## WORK TO COMPLETE
From the entries, return every line where the string "RchgDrvReq" shows up.

## DATA SUPPLIED
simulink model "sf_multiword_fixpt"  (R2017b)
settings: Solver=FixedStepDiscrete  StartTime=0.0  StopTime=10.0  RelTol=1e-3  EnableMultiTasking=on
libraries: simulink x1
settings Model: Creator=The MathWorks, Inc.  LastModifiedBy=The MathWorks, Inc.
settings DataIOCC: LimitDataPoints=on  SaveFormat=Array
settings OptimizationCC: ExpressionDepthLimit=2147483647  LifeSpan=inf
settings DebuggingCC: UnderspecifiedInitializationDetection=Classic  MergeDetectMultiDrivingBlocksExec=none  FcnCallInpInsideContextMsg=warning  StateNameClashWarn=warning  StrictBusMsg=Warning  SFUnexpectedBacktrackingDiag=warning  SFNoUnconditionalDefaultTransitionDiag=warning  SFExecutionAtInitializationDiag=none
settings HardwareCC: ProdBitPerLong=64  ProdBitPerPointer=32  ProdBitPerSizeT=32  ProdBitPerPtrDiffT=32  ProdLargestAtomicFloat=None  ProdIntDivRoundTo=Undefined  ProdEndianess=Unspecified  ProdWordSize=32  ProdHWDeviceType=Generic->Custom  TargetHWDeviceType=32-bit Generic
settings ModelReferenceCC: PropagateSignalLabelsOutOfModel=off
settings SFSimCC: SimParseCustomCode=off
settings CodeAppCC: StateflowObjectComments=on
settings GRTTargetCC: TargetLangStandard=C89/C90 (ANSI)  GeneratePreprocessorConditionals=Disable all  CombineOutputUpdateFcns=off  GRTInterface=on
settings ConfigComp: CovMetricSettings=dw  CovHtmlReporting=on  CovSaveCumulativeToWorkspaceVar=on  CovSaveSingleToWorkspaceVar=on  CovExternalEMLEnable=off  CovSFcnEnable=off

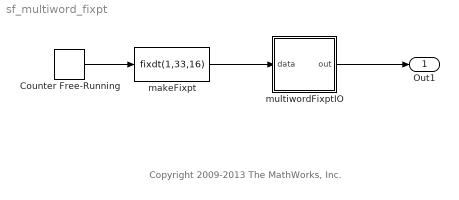
== system sf_multiword_fixpt ==
  note: Copyright 2009-2013 The MathWorks, Inc.
  Counter Free-Running : simulink/Sources/Counter Free-Running  NumBits=16  tsamp=-1
  makeFixpt : DataTypeConversion  OutDataTypeStr=fixdt(1,33,16)
  multiwordFixptIO : Stateflow chart  TreatAsAtomicUnit=on
  Out1 : Outport
  wires:
  multiwordFixptIO/1(out) -> Out1/1
  Counter Free-Running/1 -> makeFixpt/1
  makeFixpt/1 -> multiwordFixptIO/1(data)

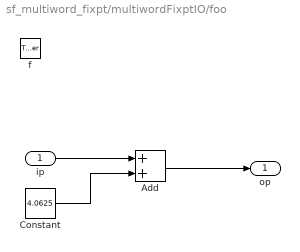
== system sf_multiword_fixpt/multiwordFixptIO/foo ==
  ip : Inport  OutDataTypeStr=fixdt(1,33,16)
  f : TriggerPort  TriggerType=function-call  VariantControl=(inherit)
      settings: CopyFcn=Stateflow.SLINSF.SimulinkMan.removeBlockPreDeleteFcn  PreDeleteFcn=Stateflow.SLINSF.SimulinkMan.unsafePredeleteFcn
  Add : Sum  OutDataTypeStr=fixdt(1,33,16)
  Constant : Constant  Value=4.0625  OutDataTypeStr=fixdt(1,16,4)
  op : Outport
  wires:
  ip/1 -> Add/1
  Constant/1 -> Add/2
  Add/1 -> op/1

== stateflow chart sf_multiword_fixpt/multiwordFixptIO ==
  state A
    du:
    out = foo(data);
  state op = foo(ip) [function]
  data: ip function_input fixdt(1,33,16); op function_output; data input fixdt(1,33,16); out output fixdt(1,33,16)
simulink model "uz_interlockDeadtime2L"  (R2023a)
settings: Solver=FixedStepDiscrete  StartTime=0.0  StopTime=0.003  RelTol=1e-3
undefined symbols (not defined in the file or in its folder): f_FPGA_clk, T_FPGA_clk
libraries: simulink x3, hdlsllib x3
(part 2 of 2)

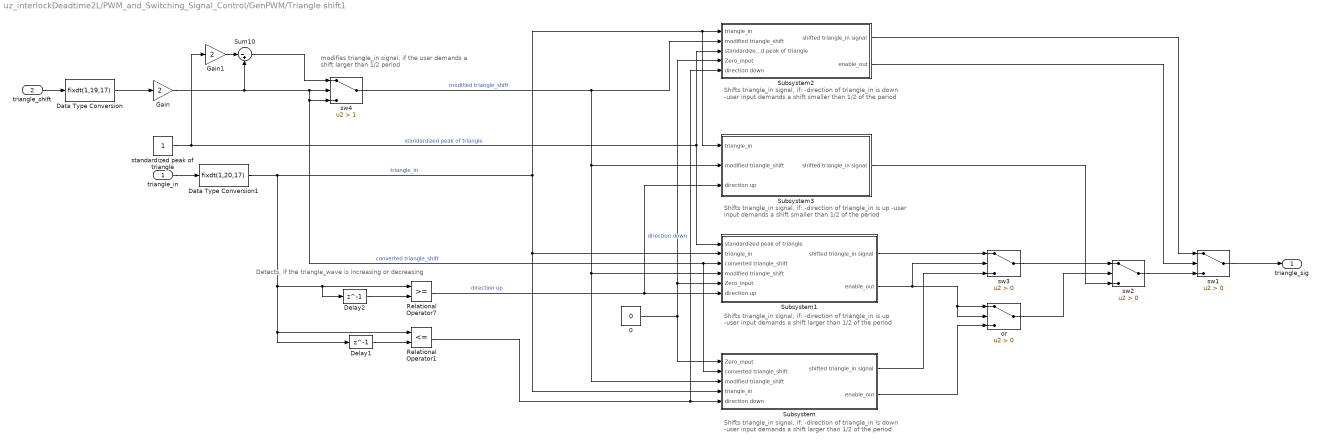
== system uz_interlockDeadtime2L/PWM_and_Switching_Signal_Control/GenPWM/Triangle shift1 ==
  note: modifies triangle_in signal,
      | if the user demands a shift larger than 1/2 period
  note: Detects, if the triangle_wave is increasing or decreasing
  note: Shifts triangle_in signal, if:
      | -direction of triangle_in is down
      | -user input demands a shift larger than 1/2 of the period
  note: Shifts triangle_in signal, if:
      | -direction of triangle_in is up
      | -user input demands a shift larger than 1/2 of the period
  note: Shifts triangle_in signal, if:
      | -direction of triangle_in is up
      | -user input demands a shift smaller than 1/2 of the period
  note: Shifts triangle_in signal, if:
      | -direction of triangle_in is down
      | -user input demands a shift smaller than 1/2 of the period
  triangle_in : Inport
  triangle_shift : Inport  Port=2
  0 : Constant  Value=0  OutDataTypeStr=boolean  SampleTime=T_FPGA_clk
  Data Type Conversion : DataTypeConversion  OutDataTypeStr=fixdt(1,19,17)  SaturateOnIntegerOverflow=off  RndMeth=Floor
  Data Type Conversion1 : DataTypeConversion  OutDataTypeStr=fixdt(1,20,17)  SaturateOnIntegerOverflow=off  RndMeth=Floor
  Delay1 : Delay  DelayLength=1
  Delay2 : Delay  DelayLength=1
  Gain : Gain  Gain=2  OutDataTypeStr=fixdt(1,20,17)
  Gain1 : Gain  Gain=2  OutDataTypeStr=fixdt(1,20,17)
  Relational Operator1 : RelationalOperator  Operator=<=  OutDataTypeStr=boolean  InputSameDT=off
  Relational Operator7 : RelationalOperator  OutDataTypeStr=boolean  InputSameDT=off
  Subsystem : Subsystem
  Subsystem1 : Subsystem
  Subsystem2 : Subsystem
  Subsystem3 : Subsystem
  Sum10 : Sum  Inputs=|-+  OutDataTypeStr=fixdt(1,20,17)
  or : Switch  Criteria=u2 > Threshold  SaturateOnIntegerOverflow=off  InputSameDT=off
  standardized peak of triangle : Constant  OutDataTypeStr=fixdt(0,21,17)  SampleTime=T_FPGA_clk
  sw1 : Switch  Criteria=u2 > Threshold  OutDataTypeStr=fixdt(1,18,16)  SaturateOnIntegerOverflow=off  InputSameDT=off
  sw2 : Switch  Criteria=u2 > Threshold  SaturateOnIntegerOverflow=off  InputSameDT=off
  sw3 : Switch  Criteria=u2 > Threshold  SaturateOnIntegerOverflow=off  InputSameDT=off
  sw4 : Switch  Criteria=u2 > Threshold  Threshold=1  OutDataTypeStr=fixdt(1,20,17)  SaturateOnIntegerOverflow=off  InputSameDT=off
  triangle_sig : Outport  VectorParamsAs1DForOutWhenUnconnected=off
  wires:
  Delay2/1 -> Relational Operator7/2
  Data Type Conversion1/1 -> Subsystem3/1(triangle_in), Subsystem2/1(triangle_in), Subsystem/4(triangle_in), Subsystem1/2(triangle_in), Relational Operator1/1, Delay1/1, Delay2/1, Relational Operator7/1  "triangle_in"
  sw3/1 -> sw2/1
  Relational Operator7/1 -> Subsystem1/6(direction up), Subsystem3/3(direction up)  "direction up"
  or/1 -> sw2/2
  sw4/1 -> Subsystem3/2(modified triangle_shift), Subsystem/3(modified triangle_shift), Subsystem1/4(modified triangle_shift), Subsystem2/2(modified triangle_shift)  "modified triangle_shift"
  Gain/1 -> Sum10/2, Subsystem/2(converted triangle_shift), Subsystem1/3(converted triangle_shift), sw4/3, sw4/2  "converted triangle_shift"
  Sum10/1 -> sw4/1
  sw1/1 -> triangle_sig/1
  standardized peak of triangle/1 -> Subsystem2/3(standardized peak of triangle), Subsystem1/1(standardized peak of triangle), Gain1/1  "standardized peak of triangle"
  triangle_shift/1 -> Data Type Conversion/1
  Gain1/1 -> Sum10/1
  sw2/1 -> sw1/3
  Data Type Conversion/1 -> Gain/1
  triangle_in/1 -> Data Type Conversion1/1
  Relational Operator1/1 -> Subsystem/5(direction down), Subsystem2/5(direction down)  "direction down"
  Delay1/1 -> Relational Operator1/2
  0/1 -> Subsystem2/4(Zero_input), Subsystem1/5(Zero_input), Subsystem/1(Zero_input)
  Subsystem/1(shifted triangle_in signal) -> sw3/3
  Subsystem/2(enable_out) -> or/3
  Subsystem1/2(enable_out) -> or/2, or/1, sw3/2
  Subsystem1/1(shifted triangle_in signal) -> sw3/1
  Subsystem2/1(shifted triangle_in signal) -> sw1/1
  Subsystem2/2(enable_out) -> sw1/2
  Subsystem3/1(shifted triangle_in signal) -> sw2/3

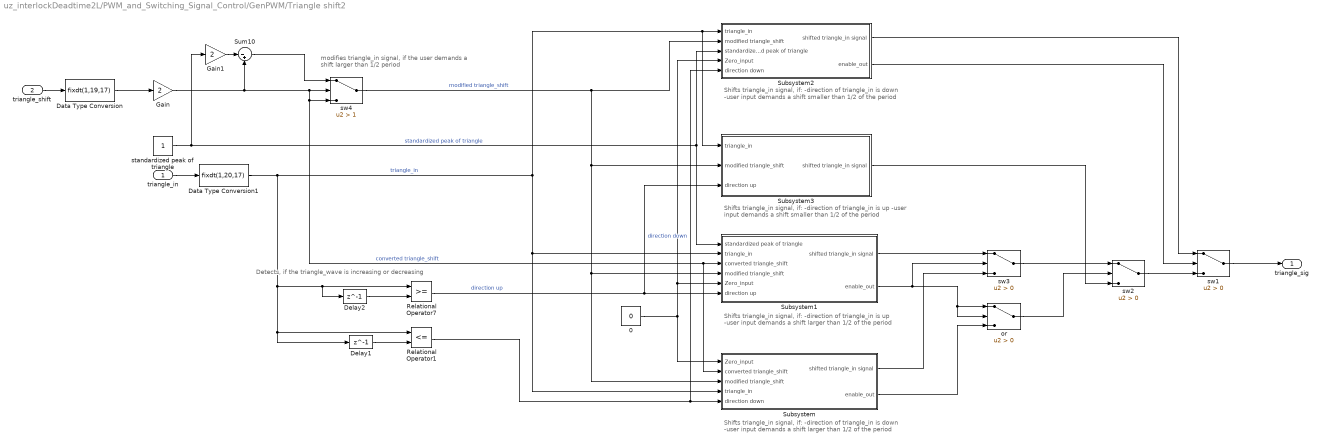
== system uz_interlockDeadtime2L/PWM_and_Switching_Signal_Control/GenPWM/Triangle shift2 ==
  note: modifies triangle_in signal,
      | if the user demands a shift larger than 1/2 period
  note: Detects, if the triangle_wave is increasing or decreasing
  note: Shifts triangle_in signal, if:
      | -direction of triangle_in is down
      | -user input demands a shift larger than 1/2 of the period
  note: Shifts triangle_in signal, if:
      | -direction of triangle_in is up
      | -user input demands a shift larger than 1/2 of the period
  note: Shifts triangle_in signal, if:
      | -direction of triangle_in is up
      | -user input demands a shift smaller than 1/2 of the period
  note: Shifts triangle_in signal, if:
      | -direction of triangle_in is down
      | -user input demands a shift smaller than 1/2 of the period
  triangle_in : Inport
  triangle_shift : Inport  Port=2
  0 : Constant  Value=0  OutDataTypeStr=boolean  SampleTime=T_FPGA_clk
  Data Type Conversion : DataTypeConversion  OutDataTypeStr=fixdt(1,19,17)  SaturateOnIntegerOverflow=off  RndMeth=Floor
  Data Type Conversion1 : DataTypeConversion  OutDataTypeStr=fixdt(1,20,17)  SaturateOnIntegerOverflow=off  RndMeth=Floor
  Delay1 : Delay  DelayLength=1
  Delay2 : Delay  DelayLength=1
  Gain : Gain  Gain=2  OutDataTypeStr=fixdt(1,20,17)
  Gain1 : Gain  Gain=2  OutDataTypeStr=fixdt(1,20,17)
  Relational Operator1 : RelationalOperator  Operator=<=  OutDataTypeStr=boolean  InputSameDT=off
  Relational Operator7 : RelationalOperator  OutDataTypeStr=boolean  InputSameDT=off
  Subsystem : Subsystem
  Subsystem1 : Subsystem
  Subsystem2 : Subsystem
  Subsystem3 : Subsystem
  Sum10 : Sum  Inputs=|-+  OutDataTypeStr=fixdt(1,20,17)
  or : Switch  Criteria=u2 > Threshold  SaturateOnIntegerOverflow=off  InputSameDT=off
  standardized peak of triangle : Constant  OutDataTypeStr=fixdt(0,21,17)  SampleTime=T_FPGA_clk
  sw1 : Switch  Criteria=u2 > Threshold  OutDataTypeStr=fixdt(1,18,16)  SaturateOnIntegerOverflow=off  InputSameDT=off
  sw2 : Switch  Criteria=u2 > Threshold  SaturateOnIntegerOverflow=off  InputSameDT=off
  sw3 : Switch  Criteria=u2 > Threshold  SaturateOnIntegerOverflow=off  InputSameDT=off
  sw4 : Switch  Criteria=u2 > Threshold  Threshold=1  OutDataTypeStr=fixdt(1,20,17)  SaturateOnIntegerOverflow=off  InputSameDT=off
  triangle_sig : Outport  VectorParamsAs1DForOutWhenUnconnected=off
  wires:
  Delay2/1 -> Relational Operator7/2
  Data Type Conversion1/1 -> Subsystem3/1(triangle_in), Subsystem2/1(triangle_in), Subsystem/4(triangle_in), Subsystem1/2(triangle_in), Relational Operator1/1, Delay1/1, Delay2/1, Relational Operator7/1  "triangle_in"
  sw3/1 -> sw2/1
  Relational Operator7/1 -> Subsystem1/6(direction up), Subsystem3/3(direction up)  "direction up"
  or/1 -> sw2/2
  sw4/1 -> Subsystem3/2(modified triangle_shift), Subsystem/3(modified triangle_shift), Subsystem1/4(modified triangle_shift), Subsystem2/2(modified triangle_shift)  "modified triangle_shift"
  Gain/1 -> Sum10/2, Subsystem/2(converted triangle_shift), Subsystem1/3(converted triangle_shift), sw4/3, sw4/2  "converted triangle_shift"
  Sum10/1 -> sw4/1
  sw1/1 -> triangle_sig/1
  standardized peak of triangle/1 -> Subsystem2/3(standardized peak of triangle), Subsystem1/1(standardized peak of triangle), Gain1/1  "standardized peak of triangle"
  triangle_shift/1 -> Data Type Conversion/1
  Gain1/1 -> Sum10/1
  sw2/1 -> sw1/3
  Data Type Conversion/1 -> Gain/1
  triangle_in/1 -> Data Type Conversion1/1
  Relational Operator1/1 -> Subsystem/5(direction down), Subsystem2/5(direction down)  "direction down"
  Delay1/1 -> Relational Operator1/2
  0/1 -> Subsystem2/4(Zero_input), Subsystem1/5(Zero_input), Subsystem/1(Zero_input)
  Subsystem/1(shifted triangle_in signal) -> sw3/3
  Subsystem/2(enable_out) -> or/3
  Subsystem1/2(enable_out) -> or/2, or/1, sw3/2
  Subsystem1/1(shifted triangle_in signal) -> sw3/1
  Subsystem2/1(shifted triangle_in signal) -> sw1/1
  Subsystem2/2(enable_out) -> sw1/2
  Subsystem3/1(shifted triangle_in signal) -> sw2/3

== system uz_interlockDeadtime2L/PWM_and_Switching_Signal_Control/GenPWM/Triangle shift/Subsystem ==
  note: AND block replaced with
      | switches for better performance
  Zero_input : Inport
  converted triangle_shift : Inport  Port=2
  modified triangle_shift : Inport  Port=3
  triangle_in : Inport  Port=4
  direction down : Inport  Port=5
  Relational Operator11 : RelationalOperator  Operator=<=  OutDataTypeStr=boolean  InputSameDT=off
  Sum8 : Sum  Inputs=|-+
  Unary Minus : UnaryMinus
  and2_1 : Switch  Criteria=u2 > Threshold  SaturateOnIntegerOverflow=off  InputSameDT=off
  and2_2 : Switch  Criteria=u2 > Threshold  SaturateOnIntegerOverflow=off  InputSameDT=off
  shifted triangle_in signal : Outport
  enable_out : Outport  Port=2
  wires:
  direction down/1 -> and2_2/2
  Zero_input/1 -> and2_1/3, and2_2/3
  Relational Operator11/1 -> and2_1/2
  and2_1/1 -> and2_2/1
  Sum8/1 -> shifted triangle_in signal/1
  Unary Minus/1 -> Sum8/2, Relational Operator11/2
  triangle_in/1 -> Sum8/1, Relational Operator11/1
  converted triangle_shift/1 -> and2_1/1
  and2_2/1 -> enable_out/1
  modified triangle_shift/1 -> Unary Minus/1

== system uz_interlockDeadtime2L/PWM_and_Switching_Signal_Control/GenPWM/Triangle shift/Subsystem1 ==
  note: AND block replaced with
      | switches for better performance
  note: AND block replaced with
      | switches for better performance
  standardized peak of triangle : Inport
  triangle_in : Inport  Port=2
  converted triangle_shift : Inport  Port=3
  modified triangle_shift : Inport  Port=4
  Zero_input : Inport  Port=5
  direction up : Inport  Port=6
  Relational Operator2 : RelationalOperator  OutDataTypeStr=boolean  InputSameDT=off
  Sum11 : Sum  Inputs=++-  OutDataTypeStr=fixdt(1,21,17)
  Sum6 : Sum  Inputs=++|
  and1_1 : Switch  Criteria=u2 > Threshold  SaturateOnIntegerOverflow=off  InputSameDT=off
  and1_2 : Switch  Criteria=u2 > Threshold  SaturateOnIntegerOverflow=off  InputSameDT=off
  shifted triangle_in signal : Outport
  enable_out : Outport  Port=2
  wires:
  Sum11/1 -> shifted triangle_in signal/1
  Sum6/1 -> Relational Operator2/2, Sum11/2
  and1_1/1 -> and1_2/1
  Relational Operator2/1 -> and1_1/2
  Zero_input/1 -> and1_2/3, and1_1/3
  standardized peak of triangle/1 -> Sum6/2, Sum11/1
  and1_2/1 -> enable_out/1
  converted triangle_shift/1 -> and1_1/1
  direction up/1 -> and1_2/2
  triangle_in/1 -> Relational Operator2/1, Sum11/3
  modified triangle_shift/1 -> Sum6/1

== system uz_interlockDeadtime2L/PWM_and_Switching_Signal_Control/GenPWM/Triangle shift/Subsystem2 ==
  triangle_in : Inport
  modified triangle_shift : Inport  Port=2
  standardized peak of triangle : Inport  Port=3
  Zero_input : Inport  Port=4
  direction down : Inport  Port=5
  Relational Operator9 : RelationalOperator  OutDataTypeStr=boolean  InputSameDT=off
  Sum1 : Sum  Inputs=|-+
  Sum5 : Sum  Inputs=++-  OutDataTypeStr=fixdt(1,21,17)
  and : Switch  Criteria=u2 > Threshold  SaturateOnIntegerOverflow=off  InputSameDT=off
  shifted triangle_in signal : Outport
  enable_out : Outport  Port=2
  wires:
  standardized peak of triangle/1 -> Sum1/2, Sum5/2
  Zero_input/1 -> and/3
  Sum1/1 -> Relational Operator9/2, Sum5/1
  Relational Operator9/1 -> and/1
  direction down/1 -> and/2
  and/1 -> enable_out/1
  triangle_in/1 -> Relational Operator9/1, Sum5/3
  Sum5/1 -> shifted triangle_in signal/1
  modified triangle_shift/1 -> Sum1/1

== system uz_interlockDeadtime2L/PWM_and_Switching_Signal_Control/GenPWM/Triangle shift/Subsystem3 ==
  triangle_in : Inport
  modified triangle_shift : Inport  Port=2
  direction up : Inport  Port=3
  Relational Operator6 : RelationalOperator  Operator=<=  OutDataTypeStr=boolean  InputSameDT=off
  Sum2 : Sum  Inputs=|-+
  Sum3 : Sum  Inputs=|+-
simulink model "HEV_Ctrl_V1"  (R2018a)
settings: Solver=FixedStepDiscrete  StartTime=0.0  StopTime=10.0  FixedStep=0.01  RelTol=1e-3  EnableMultiTasking=on
PreLoadFcn:
  | HEV_Ctrl_V1_PreLoad
undefined symbols (not defined in the file or in its folder): AstEnblEngSpdMin_H_K, AstEnblEngSpdMin_L_K, AstEnblSocMin_H_K, AstEnblSocMin_L_K, AstEnblVehSpdMin_H_K, AstEnblVehSpdMin_L_K, AstTrqCmpSOC_K2, AstTrqCmpSOC_X, AstTrqDstBase_K3, DifferentialGearRatio_K, DrvReqPropTrq_K3, DrvReqPropTrqMax_K, eHevCtrlMode, EngTrqMax_K2, EngTrqMax_K2x, HevCtrlEnbl_K, RchEnblEngSpdMin_H_K, RchEnblEngSpdMin_L_K, RchgEnblSocMax_H_K, RchgEnblSocMax_L_K, RchgTrqCmpSOC_K2, RchgTrqCmpSOC_X, RegnBrkCmpSOC_K2, RegnBrkCmpSOC_X, RegnBrkEnblBrkPdlMin_H_K, RegnBrkEnblBrkPdlMin_L_K, RegnBrkEnblSocMax_H_K, RegnBrkEnblSocMax_L_K, RegnBrkEnblVehSpdMin_H_K, RegnBrkEnblVehSpdMin_L_K, TransmissionGearRatio_K2
libraries: simulink x2
(part 2 of 2)

== system HEV_Ctrl_V1/Hev Control/Energy Management/DecideTransition/RegBrake/RS FlopFlop/if then elseif ==
  note: If then elseif
  if : Inport
  then1 : Inport  Port=2
  elseif : Inport  Port=3
  then2 : Inport  Port=4
  Data Type Conversion : DataTypeConversion  OutDataTypeStr=boolean
  Switch2 : Switch  Criteria=u2 ~= 0  Threshold=0.5  SaturateOnIntegerOverflow=on
      settings: AttributesFormatString=<%<Criteria>>
  Switch3 : Switch  Criteria=u2 ~= 0  Threshold=0.5  SaturateOnIntegerOverflow=on
      settings: AttributesFormatString=<%<Criteria>>
  Unit Delay : UnitDelay  SampleTime=-1
      settings: AttributesFormatString=<initial=%<X0>>\n<tsample=%<SampleTime>>
  y : Outport
  wires:
  then2/1 -> Switch2/1
  elseif/1 -> Switch2/2
  then1/1 -> Switch3/1
  Switch3/1 -> Unit Delay/1, Data Type Conversion/1  "y"
  Unit Delay/1 -> Switch2/3  "y_old"
  if/1 -> Switch3/2
  Switch2/1 -> Switch3/3
  Data Type Conversion/1 -> y/1

== stateflow chart HEV_Ctrl_V1/Hev Control/Energy Management/HevCtrlModeChart ==
  state HEV_control_mode
    state RegnBrake
      en:
      RegnBrk_event;
      HevCtrlMode = RegenBrake;
    state Assist
      en:
      Assist_event;
      HevCtrlMode = Assist;
    state ChargeBattery
      en:
      Rchg_event;
      HevCtrlMode = ReCharge;
    state EngineStart
      en:
      EngStart_event;
      HevCtrlMode = EngineStart;
    state MotorStandby
      en:
      Stby_event;
      HevCtrlMode = Standby;
    (default) -> (junction 3)
    HEV_control_mode -> (junction 3)
    (junction 3) -> RegnBrake [order 1] : [RegnBrkReq]
    (junction 3) -> (junction 9) [order 2]
    (junction 9) -> Assist [order 1] : [MtrAstReq]
    (junction 9) -> (junction 12) [order 2]
    (junction 12) -> ChargeBattery [order 1] : [RchgDrvReq]
    (junction 12) -> (junction 30) [order 2]
    (junction 30) -> EngineStart [order 1] : [EngStartReq]
    (junction 30) -> (junction 15) [order 2]
    (junction 15) -> MotorStandby
  data: RegnBrkReq input; HevCtrlMode output Enum: eHevCtrlMode; MtrAstReq input; RchgDrvReq input; EngStartReq input
  events: RegnBrk_event output FUNCTION_CALL_EVENT; Assist_event output FUNCTION_CALL_EVENT; Rchg_event output FUNCTION_CALL_EVENT; EngStart_event output FUNCTION_CALL_EVENT; Stby_event output FUNCTION_CALL_EVENT

== stateflow chart HEV_Ctrl_V1/Hev Control/Idle Stop/IdleStop_StateTransitionTable ==
  state IdleStop
    en:
    IdleStopCtrlMode=IdleStop;
  state EngineStart
    en:
    IdleStopCtrlMode=EngineStart;
  state IdleStopWait
  state IdleStopPrepare
    en:
    IdleStopCtrlMode=IdleStopWait;
  state EngineRun
    en:
    IdleStopCtrlMode=EngineRun;
  (default) -> IdleStop
  (junction 313) -> IdleStop
  IdleStop -> (junction 359) [order 2] : [EngSpd>300]%EngineRunCond
  (junction 350) -> (junction 313)
  (junction 359) -> (junction 355)
  IdleStop -> EngineStart [order 1] : [~IdleStopEnbl]%IdleStopEndCond
  EngineStart -> (junction 355) : [EngSpd>300]%EngineRunCond
  (junction 355) -> (junction 353)
  IdleStopWait -> (junction 350) : [EngSpd<50]%EngineStopCond
  (junction 339) -> (junction 350)
  IdleStopPrepare -> IdleStopWait [order 1] : [IdleStopEnbl]%IdleStopStartCond
  IdleStopPrepare -> (junction 339) [order 2] : [EngSpd<50]%EngineStopCond
  (junction 315) -> (junction 339)
  EngineRun -> IdleStopPrepare [order 1] : [IdleStopReq]%IdleStopWaitCond
  (junction 353) -> EngineRun
  EngineRun -> (junction 315) [order 2] : [EngSpd<50]%EngineStopCond
  data: IdleStopReq input; IdleStopEnbl input; EngSpd input; IdleStopCtrlMode output Enum: eIdleStopCtrlMode

## EXERCISE SOLUTION
    (junction 12) -> ChargeBattery [order 1] : [RchgDrvReq]
  data: RegnBrkReq input; HevCtrlMode output Enum: eHevCtrlMode; MtrAstReq input; RchgDrvReq input; EngStartReq input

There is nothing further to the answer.